Douglas County Commission approves development of new rezoning standards to protect agricultural land

photo by: Richard Gwin

In this Journal-World file photo, Carl Flory, who lives on North 700 Road, takes to his field to cut his hard red wheat.

County leaders are moving forward with the creation of a new tool to evaluate rural rezoning requests and protect prime agricultural land.

At its meeting Wednesday, the Douglas County Commission voted unanimously to initiate the process to develop an amendment to the zoning and land use regulations for unincorporated or rural areas. The amendment, once developed and approved, will establish a new system and standards to evaluate requests to rezone agricultural land to another use.

The county has already been taking agricultural productivity into account when reviewing requests to rezone agricultural land under zoning regulations it adopted in February 2020. Planning staff has been doing manual reviews of properties to determine current or potential agricultural productivity, and Wednesday’s approval gives planning staff the green light to move forward with the development of standards for an automated review process called the Land Evaluation and Site Assessment (LESA) system.

Zoning Director Tonya Voigt told the commission that in the future the LESA system would use the standards developed as part of the zoning amendment to automatically score properties on their agricultural productivity and potentially have that information publicly available.

“We really would like this to be something that doesn’t take quite as much effort on our part to manually enter everything, as well as get that educational information out to the public easily without them having to wait for staff to run each one,” Voigt told the commission.

Since the adoption of the new zoning regulations, planning staff has been working with various groups, including the Natural Resources Conservation Service, to develop parameters for the LESA system. LESA would use various measurements to score properties based on their current or potential agricultural productivity. The LESA score would then correlate to a protection score, which would indicate how important it was for the agricultural use of the land to be protected.
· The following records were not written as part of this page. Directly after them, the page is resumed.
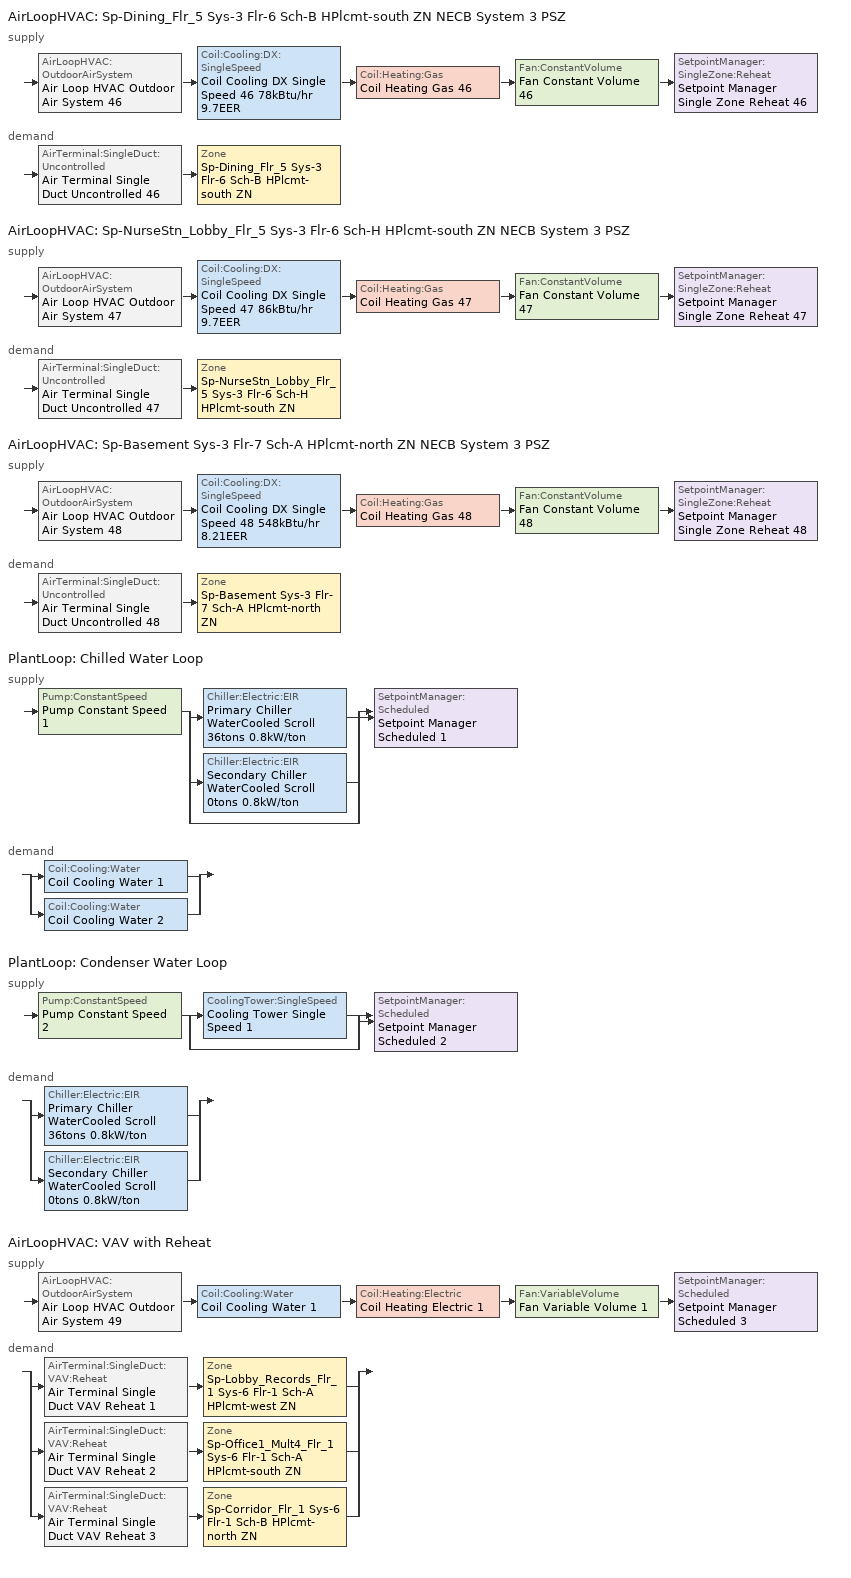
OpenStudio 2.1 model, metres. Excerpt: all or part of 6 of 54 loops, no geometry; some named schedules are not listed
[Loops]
AirLoopHVAC 'Sp-Dining_Flr_5 Sys-3 Flr-6 Sch-B HPlcmt-south ZN NECB System 3 PSZ'
 supply: AirLoopHVAC:OutdoorAirSystem 'Air Loop HVAC Outdoor Air System 46' > Coil:Cooling:DX:SingleSpeed 'Coil Cooling DX Single Speed 46 78kBtu/hr 9.7EER' > Coil:Heating:Gas 'Coil Heating Gas 46' > Fan:ConstantVolume 'Fan Constant Volume 46' > SetpointManager:SingleZone:Reheat 'Setpoint Manager Single Zone Reheat 46'
 demand: AirTerminal:SingleDuct:Uncontrolled 'Air Terminal Single Duct Uncontrolled 46' > Zone 'Sp-Dining_Flr_5 Sys-3 Flr-6 Sch-B HPlcmt-south ZN'
AirLoopHVAC 'Sp-NurseStn_Lobby_Flr_5 Sys-3 Flr-6 Sch-H HPlcmt-south ZN NECB System 3 PSZ'
 supply: AirLoopHVAC:OutdoorAirSystem 'Air Loop HVAC Outdoor Air System 47' > Coil:Cooling:DX:SingleSpeed 'Coil Cooling DX Single Speed 47 86kBtu/hr 9.7EER' > Coil:Heating:Gas 'Coil Heating Gas 47' > Fan:ConstantVolume 'Fan Constant Volume 47' > SetpointManager:SingleZone:Reheat 'Setpoint Manager Single Zone Reheat 47'
 demand: AirTerminal:SingleDuct:Uncontrolled 'Air Terminal Single Duct Uncontrolled 47' > Zone 'Sp-NurseStn_Lobby_Flr_5 Sys-3 Flr-6 Sch-H HPlcmt-south ZN'
AirLoopHVAC 'Sp-Basement Sys-3 Flr-7 Sch-A HPlcmt-north ZN NECB System 3 PSZ'
 supply: AirLoopHVAC:OutdoorAirSystem 'Air Loop HVAC Outdoor Air System 48' > Coil:Cooling:DX:SingleSpeed 'Coil Cooling DX Single Speed 48 548kBtu/hr 8.21EER' > Coil:Heating:Gas 'Coil Heating Gas 48' > Fan:ConstantVolume 'Fan Constant Volume 48' > SetpointManager:SingleZone:Reheat 'Setpoint Manager Single Zone Reheat 48'
 demand: AirTerminal:SingleDuct:Uncontrolled 'Air Terminal Single Duct Uncontrolled 48' > Zone 'Sp-Basement Sys-3 Flr-7 Sch-A HPlcmt-north ZN'
PlantLoop 'Chilled Water Loop'
 supply: Pump:ConstantSpeed 'Pump Constant Speed 1' > split
  | Chiller:Electric:EIR 'Primary Chiller WaterCooled Scroll 36tons 0.8kW/ton'
  | Chiller:Electric:EIR 'Secondary Chiller WaterCooled Scroll 0tons 0.8kW/ton'
  | bypass
  join > SetpointManager:Scheduled 'Setpoint Manager Scheduled 1'
 demand: split
  | Coil:Cooling:Water 'Coil Cooling Water 1'
  | Coil:Cooling:Water 'Coil Cooling Water 2'
PlantLoop 'Condenser Water Loop'
 supply: Pump:ConstantSpeed 'Pump Constant Speed 2' > split
  | CoolingTower:SingleSpeed 'Cooling Tower Single Speed 1'
  | bypass
  join > SetpointManager:Scheduled 'Setpoint Manager Scheduled 2'
 demand: split
  | Chiller:Electric:EIR 'Primary Chiller WaterCooled Scroll 36tons 0.8kW/ton'
  | Chiller:Electric:EIR 'Secondary Chiller WaterCooled Scroll 0tons 0.8kW/ton'
AirLoopHVAC 'VAV with Reheat'
 supply: AirLoopHVAC:OutdoorAirSystem 'Air Loop HVAC Outdoor Air System 49' > Coil:Cooling:Water 'Coil Cooling Water 1' > Coil:Heating:Electric 'Coil Heating Electric 1' > Fan:VariableVolume 'Fan Variable Volume 1' > SetpointManager:Scheduled 'Setpoint Manager Scheduled 3'
 demand: split
  | AirTerminal:SingleDuct:VAV:Reheat 'Air Terminal Single Duct VAV Reheat 1' > Zone 'Sp-Lobby_Records_Flr_1 Sys-6 Flr-1 Sch-A HPlcmt-west ZN'
  | AirTerminal:SingleDuct:VAV:Reheat 'Air Terminal Single Duct VAV Reheat 2' > Zone 'Sp-Office1_Mult4_Flr_1 Sys-6 Flr-1 Sch-A HPlcmt-south ZN'
  | AirTerminal:SingleDuct:VAV:Reheat 'Air Terminal Single Duct VAV Reheat 3' > Zone 'Sp-Corridor_Flr_1 Sys-6 Flr-1 Sch-B HPlcmt-north ZN'
[Sizing:Zone] Zone Cooling Design Supply Air Temperature Input Method=SupplyAirTemperature; Zone Cooling Design Supply Air Temperature {C}=13; Zone Cooling Design Supply Air Temperature Difference {deltaC}=11.11; Zone Heating Design Supply Air Temperature Input Method=SupplyAirTemperature; Zone Heating Design Supply Air Temperature {C}=43; Zone Heating Design Supply Air Temperature Difference {deltaC}=11.11; Zone Cooling Design Supply Air Humidity Ratio {kg-H2O/kg-air}=0.0085; Zone Heating Design Supply Air Humidity Ratio {kg-H2O/kg-air}=0.008; Zone Heating Sizing Factor=1.3; Zone Cooling Sizing Factor=1.1; Cooling Design Air Flow Method=DesignDay; Heating Design Air Flow Method=DesignDay; Account for Dedicated Outdoor Air System=No; Dedicated Outdoor Air System Control Strategy=NeutralSupplyAir; Dedicated Outdoor Air Low Setpoint Temperature for Design {C}=autosize; Dedicated Outdoor Air High Setpoint Temperature for Design {C}=autosize
Sp-Dining_Flr_5 Sys-3 Flr-6 Sch-B HPlcmt-south ZN; Sp-NurseStn_Lobby_Flr_5 Sys-3 Flr-6 Sch-H HPlcmt-south ZN; Sp-Basement Sys-3 Flr-7 Sch-A HPlcmt-north ZN; Sp-Corridor_Flr_1 Sys-6 Flr-1 Sch-B HPlcmt-north ZN; Sp-Lobby_Records_Flr_1 Sys-6 Flr-1 Sch-A HPlcmt-west ZN; Sp-Office1_Mult4_Flr_1 Sys-6 Flr-1 Sch-A HPlcmt-south ZN
[Zone equipment]
Sp-Dining_Flr_5 Sys-3 Flr-6 Sch-B HPlcmt-south ZN: Air Terminal Single Duct Uncontrolled 46, Zone HVAC Baseboard Convective Water 46
Sp-NurseStn_Lobby_Flr_5 Sys-3 Flr-6 Sch-H HPlcmt-south ZN: Air Terminal Single Duct Uncontrolled 47, Zone HVAC Baseboard Convective Water 47
Sp-Basement Sys-3 Flr-7 Sch-A HPlcmt-north ZN: Air Terminal Single Duct Uncontrolled 48, Zone HVAC Baseboard Convective Water 48
Sp-Corridor_Flr_1 Sys-6 Flr-1 Sch-B HPlcmt-north ZN: Air Terminal Single Duct VAV Reheat 3, Zone HVAC Baseboard Convective Water 51
Sp-Lobby_Records_Flr_1 Sys-6 Flr-1 Sch-A HPlcmt-west ZN: Air Terminal Single Duct VAV Reheat 1, Zone HVAC Baseboard Convective Water 49
Sp-Office1_Mult4_Flr_1 Sys-6 Flr-1 Sch-A HPlcmt-south ZN: Air Terminal Single Duct VAV Reheat 2, Zone HVAC Baseboard Convective Water 50
[PlantLoop] Plant Loop Volume {m3}=Autocalculate; Load Distribution Scheme=Optimal
Chilled Water Loop; Condenser Water Loop
[Sizing:Plant] Loop Design Temperature Difference {deltaC}=6; Sizing Option=NonCoincident; Zone Timesteps in Averaging Window=1; Coincident Sizing Factor Mode=None
Name | Loop Type | Design Loop Exit Temperature {C}
Chilled Water Loop | Cooling | 7
Condenser Water Loop | Condenser | 29
[AirLoopHVAC] Design Supply Air Flow Rate {m3/s}=AutoSize
Name | Availability Schedule | Availability Manager
Sp-Dining_Flr_5 Sys-3 Flr-6 Sch-B HPlcmt-south ZN NECB System 3 PSZ | Sp-Dining_Flr_5 Sys-3 Flr-6 Sch-B HPlcmt-south ZN NECB System 3 PSZ Occ Sch | Availability Manager Night Cycle 8
Sp-NurseStn_Lobby_Flr_5 Sys-3 Flr-6 Sch-H HPlcmt-south ZN NECB System 3 PSZ | Sp-NurseStn_Lobby_Flr_5 Sys-3 Flr-6 Sch-H HPlcmt-south ZN NECB System 3 PSZ Occ Sch | Availability Manager Night Cycle 21
Sp-Basement Sys-3 Flr-7 Sch-A HPlcmt-north ZN NECB System 3 PSZ | Sp-Basement Sys-3 Flr-7 Sch-A HPlcmt-north ZN NECB System 3 PSZ Occ Sch | Availability Manager Night Cycle 1
VAV with Reheat | VAV with Reheat Occ Sch | Availability Manager Night Cycle 35
[Sizing:System] Type of Load to Size On=Sensible; Design Outdoor Air Flow Rate {m3/s}=Autosize; Preheat Design Temperature {C}=7; Preheat Design Humidity Ratio {kg-H2O/kg-Air}=0.008; Precool Design Temperature {C}=13; Precool Design Humidity Ratio {kg-H2O/kg-Air}=0.008; Central Cooling Design Supply Air Temperature {C}=13; Sizing Option=NonCoincident; 100% Outdoor Air in Cooling=No; 100% Outdoor Air in Heating=No; Central Cooling Design Supply Air Humidity Ratio {kg-H2O/kg-Air}=0.0085; Central Heating Design Supply Air Humidity Ratio {kg-H2O/kg-Air}=0.008; Cooling Design Air Flow Method=DesignDay; Cooling Design Air Flow Rate {m3/s}=0; Heating Design Air Flow Method=DesignDay; Heating Design Air Flow Rate {m3/s}=0; System Outdoor Air Method=ZoneSum; Zone Maximum Outdoor Air Fraction=1; Cooling Supply Air Flow Rate Per Floor Area {m3/s-m2}=0.00996765; Cooling Fraction of Autosized Cooling Supply Air Flow Rate=1; Cooling Supply Air Flow Rate Per Unit Cooling Capacity {m3/s-W}=3.94755e-05; Heating Supply Air Flow Rate Per Floor Area {m3/s-m2}=0.00996765; Heating Fraction of Autosized Heating Supply Air Flow Rate=1; Heating Fraction of Autosized Cooling Supply Air Flow Rate=1; Heating Supply Air Flow Rate Per Unit Heating Capacity {m3/s-W}=3.15882e-05; Cooling Design Capacity Method=CoolingDesignCapacity; Cooling Design Capacity {W}=autosize; Cooling Design Capacity Per Floor Area {W/m2}=234.7; Fraction of Autosized Cooling Design Capacity=1; Heating Design Capacity Method=HeatingDesignCapacity; Heating Design Capacity {W}=autosize; Heating Design Capacity Per Floor Area {W/m2}=157; Fraction of Autosized Heating Design Capacity=1; Central Cooling Capacity Control Method=OnOff
Name | Minimum System Air Flow Ratio | Central Heating Design Supply Air Temperature {C}
Sp-Dining_Flr_5 Sys-3 Flr-6 Sch-B HPlcmt-south ZN NECB System 3 PSZ; Sp-NurseStn_Lobby_Flr_5 Sys-3 Flr-6 Sch-H HPlcmt-south ZN NECB System 3 PSZ; Sp-Basement Sys-3 Flr-7 Sch-A HPlcmt-north ZN NECB System 3 PSZ | 1 | 43
VAV with Reheat | 0.3 | 13.1
[Fan:ConstantVolume] Availability Schedule=Always On Discrete; Fan Efficiency=0.39975; Pressure Rise {Pa}=640; Maximum Flow Rate {m3/s}=AutoSize; Motor Efficiency=0.615
Fan Constant Volume 46; Fan Constant Volume 47; Fan Constant Volume 48
[Coil:Heating:Gas] Availability Schedule=Always On Discrete; Gas Burner Efficiency=0.8; Nominal Capacity {W}=AutoSize; Parasitic Electric Load {W}=0; Parasitic Gas Load {W}=0
Coil Heating Gas 46; Coil Heating Gas 47; Coil Heating Gas 48
[Coil:Cooling:DX:SingleSpeed] Availability Schedule=Always On Discrete; Rated Total Cooling Capacity {W}=autosize; Rated Sensible Heat Ratio=autosize; Rated Air Flow Rate {m3/s}=autosize; Rated Evaporator Fan Power Per Volume Flow Rate {W/(m3/s)}=773.3; Condenser Type=AirCooled; Evaporative Condenser Effectiveness=0; Evaporative Condenser Air Flow Rate {m3/s}=Autosize; Evaporative Condenser Pump Rated Power Consumption {W}=Autosize; Crankcase Heater Capacity {W}=0; Maximum Outdoor Dry-Bulb Temperature for Crankcase Heater Operation {C}=0; Basin Heater Capacity {W/K}=0; Basin Heater Setpoint Temperature {C}=10
Name | Rated COP {W/W} | Total Cooling Capacity Function of Temperature Curve | Total Cooling Capacity Function of Flow Fraction Curve | Energy Input Ratio Function of Temperature Curve | Energy Input Ratio Function of Flow Fraction Curve | Part Load Fraction Correlation Curve
Coil Cooling DX Single Speed 46 78kBtu/hr 9.7EER | 3.33761 | DXCOOL-NECB2011-REF-CAPFT 40 | DXCOOL-NECB2011-REF-CAPFFLOW 40 | DXCOOL-NECB2011-REF-COOLEIRFT 40 | DXCOOL-NECB2011-REF-COOLEIRFFLOW 40 | DXCOOL-NECB2011-REF-COOLPLFFPLR 40
Coil Cooling DX Single Speed 47 86kBtu/hr 9.7EER | 3.34403 | DXCOOL-NECB2011-REF-CAPFT 41 | DXCOOL-NECB2011-REF-CAPFFLOW 41 | DXCOOL-NECB2011-REF-COOLEIRFT 41 | DXCOOL-NECB2011-REF-COOLEIRFFLOW 41 | DXCOOL-NECB2011-REF-COOLPLFFPLR 41
Coil Cooling DX Single Speed 48 548kBtu/hr 8.21EER | 3.12743 | DXCOOL-NECB2011-REF-CAPFT 42 | DXCOOL-NECB2011-REF-CAPFFLOW 42 | DXCOOL-NECB2011-REF-COOLEIRFT 42 | DXCOOL-NECB2011-REF-COOLEIRFFLOW 42 | DXCOOL-NECB2011-REF-COOLPLFFPLR 42
[Controller:OutdoorAir] Minimum Outdoor Air Flow Rate {m3/s}=0; Maximum Outdoor Air Flow Rate {m3/s}=Autosize; Economizer Control Type=DifferentialEnthalpy; Economizer Control Action Type=ModulateFlow; Lockout Type=NoLockout; Minimum Limit Type=FixedMinimum; High Humidity Control=No; Heat Recovery Bypass Control Type=BypassWhenWithinEconomizerLimits
Name | Minimum Outdoor Air Schedule | Controller Mechanical Ventilation
Controller Outdoor Air 46 | Sp-Dining_Flr_5 Sys-3 Flr-6 Sch-B HPlcmt-south ZN NECB System 3 PSZ Occ Sch | Controller Mechanical Ventilation 46
Controller Outdoor Air 47 | Sp-NurseStn_Lobby_Flr_5 Sys-3 Flr-6 Sch-H HPlcmt-south ZN NECB System 3 PSZ Occ Sch | Controller Mechanical Ventilation 47
Controller Outdoor Air 48 | Sp-Basement Sys-3 Flr-7 Sch-A HPlcmt-north ZN NECB System 3 PSZ Occ Sch | Controller Mechanical Ventilation 48
Controller Outdoor Air 49 | VAV with Reheat Occ Sch | Controller Mechanical Ventilation 49
[Controller:MechanicalVentilation] Availability Schedule=Always On Discrete; System Outdoor Air Method=ZoneSum
Controller Mechanical Ventilation 46; Controller Mechanical Ventilation 47; Controller Mechanical Ventilation 48; Controller Mechanical Ventilation 49
[AirLoopHVAC:OutdoorAirSystem]
Name | Controller
Air Loop HVAC Outdoor Air System 46 | Controller Outdoor Air 46
Air Loop HVAC Outdoor Air System 47 | Controller Outdoor Air 47
Air Loop HVAC Outdoor Air System 48 | Controller Outdoor Air 48
Air Loop HVAC Outdoor Air System 49 | Controller Outdoor Air 49
[SetpointManager:SingleZone:Reheat] Minimum Supply Air Temperature {C}=13; Maximum Supply Air Temperature {C}=43
Name | Control Zone
Setpoint Manager Single Zone Reheat 46 | Sp-Dining_Flr_5 Sys-3 Flr-6 Sch-B HPlcmt-south ZN
Setpoint Manager Single Zone Reheat 47 | Sp-NurseStn_Lobby_Flr_5 Sys-3 Flr-6 Sch-H HPlcmt-south ZN
Setpoint Manager Single Zone Reheat 48 | Sp-Basement Sys-3 Flr-7 Sch-A HPlcmt-north ZN
[AirTerminal:SingleDuct:Uncontrolled] Availability Schedule=Always On Discrete; Maximum Air Flow Rate {m3/s}=AutoSize
Air Terminal Single Duct Uncontrolled 46; Air Terminal Single Duct Uncontrolled 47; Air Terminal Single Duct Uncontrolled 48
[Pump:ConstantSpeed] Rated Flow Rate {m3/s}=autosize; Rated Pump Head {Pa}=179352; Rated Power Consumption {W}=autosize; Fraction of Motor Inefficiencies to Fluid Stream=0; Pump Control Type=Intermittent
Name | Motor Efficiency
Pump Constant Speed 1 | 0.865
Pump Constant Speed 2 | 0.895
[Chiller:Electric:EIR] Reference COP {W/W}=4.5032; Minimum Part Load Ratio=0.25; Minimum Unloading Ratio=0.25; Condenser Type=WaterCooled; Chiller Flow Mode=LeavingSetpointModulated; Design Heat Recovery Water Flow Rate {m3/s}=0; Sizing Factor=1; Basin Heater Capacity {W/K}=0; Basin Heater Setpoint Temperature {C}=10
Name | Reference Capacity {W} | Cooling Capacity Function of Temperature Curve | Electric Input to Cooling Output Ratio Function of Temperature Curve | Electric Input to Cooling Output Ratio Function of Part Load Ratio Curve
Primary Chiller WaterCooled Scroll 36tons 0.8kW/ton | 125458 | WaterCooled_Scroll_CAPFT_NECB2011 | WaterCooled_Scroll_EIRFT_NECB2011 | WaterCooled_Scroll_EIRFPLR_NECB2011
Secondary Chiller WaterCooled Scroll 0tons 0.8kW/ton | 0.001 | WaterCooled_Scroll_CAPFT_NECB2011 1 | WaterCooled_Scroll_EIRFT_NECB2011 1 | WaterCooled_Scroll_EIRFPLR_NECB2011 1
[SetpointManager:Scheduled] Control Variable=Temperature
Name | Schedule
Setpoint Manager Scheduled 1 | CHW Temp
Setpoint Manager Scheduled 2 | CW Temp
Setpoint Manager Scheduled 3 | Supply Air Temp
[CoolingTower:SingleSpeed]
Cooling Tower Single Speed 1: Design Water Flow Rate {m3/s}=autosize; Design Air Flow Rate {m3/s}=autosize; Fan Power at Design Air Flow Rate {W}=2299.76; U-Factor Times Area Value at Design Air Flow Rate {W/K}=autosize; Air Flow Rate in Free Convection Regime {m3/s}=autosize; U-Factor Times Area Value at Free Convection Air Flow Rate {W/K}=autosize; Performance Input Method=UFactorTimesAreaAndDesignWaterFlowRate; Free Convection Capacity {W}=0; Basin Heater Capacity {W/K}=0; Evaporation Loss Mode=LossFactor; Evaporation Loss Factor {percent/K}=0.2; Drift Loss Percent {percent}=0.008; Blowdown Calculation Mode=ConcentrationRatio; Blowdown Concentration Ratio=3; Capacity Control=FanCycling; Number of Cells=1; Cell Control=MinimalCell; Cell Minimum  Water Flow Rate Fraction=0.33; Cell Maximum Water Flow Rate Fraction=2.5; Sizing Factor=1
[Fan:VariableVolume]
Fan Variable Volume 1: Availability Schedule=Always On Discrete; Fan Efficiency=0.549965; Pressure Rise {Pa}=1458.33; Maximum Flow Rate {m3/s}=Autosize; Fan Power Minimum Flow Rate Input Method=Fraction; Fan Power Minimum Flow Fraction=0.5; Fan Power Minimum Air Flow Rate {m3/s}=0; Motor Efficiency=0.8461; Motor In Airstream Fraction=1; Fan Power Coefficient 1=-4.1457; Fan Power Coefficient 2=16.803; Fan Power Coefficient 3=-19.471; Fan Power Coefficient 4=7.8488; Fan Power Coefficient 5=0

The protection score would be one of the review criteria for an agricultural rezoning request, which would be taken into account in the planning department’s rezoning recommendation and the ultimate decision by the County Commission.

Going forward, Planner Becky Pepper said that planning staff would develop a draft of the LESA system and the standards that go into its scoring mechanism, and that the standards would be discussed publicly as part of the zoning amendment process. Pepper said the NRCS recommends that parameters for the scoring include the national commodity crop production index or the range productivity value; the nonirrigated soil capability class; and the farmland classification, such as prime farmland or farmland of statewide importance. However, the scoring standards would be unique to Douglas County, and Pepper said other parameters could include natural constraints to agriculture, the location of the property in relation to city limits, or the current land use.

Commissioner Patrick Kelly said that zoning amendments have a big impact, and he wanted to know how the planning office would make sure that public input was received about the scoring system and how it would function.

Voigt said that staff discussed the system with property owners as part of its outreach regarding the zoning regulation change last year, and that information about the upcoming process to develop the tool could be sent out by email and posted on the county and city websites. She said the criteria for the scoring process could change based on feedback.

“Because we’ve created criteria but that criteria can change if the public really feels like we need to put more weight on a certain factor and less weight on another,” Voigt said. “We’re really open to that conversation and would really like a lot of public input.”

Once a draft of the LESA tool is developed, it will go to the Planning Commission for a public hearing before coming back to the County Commission for consideration.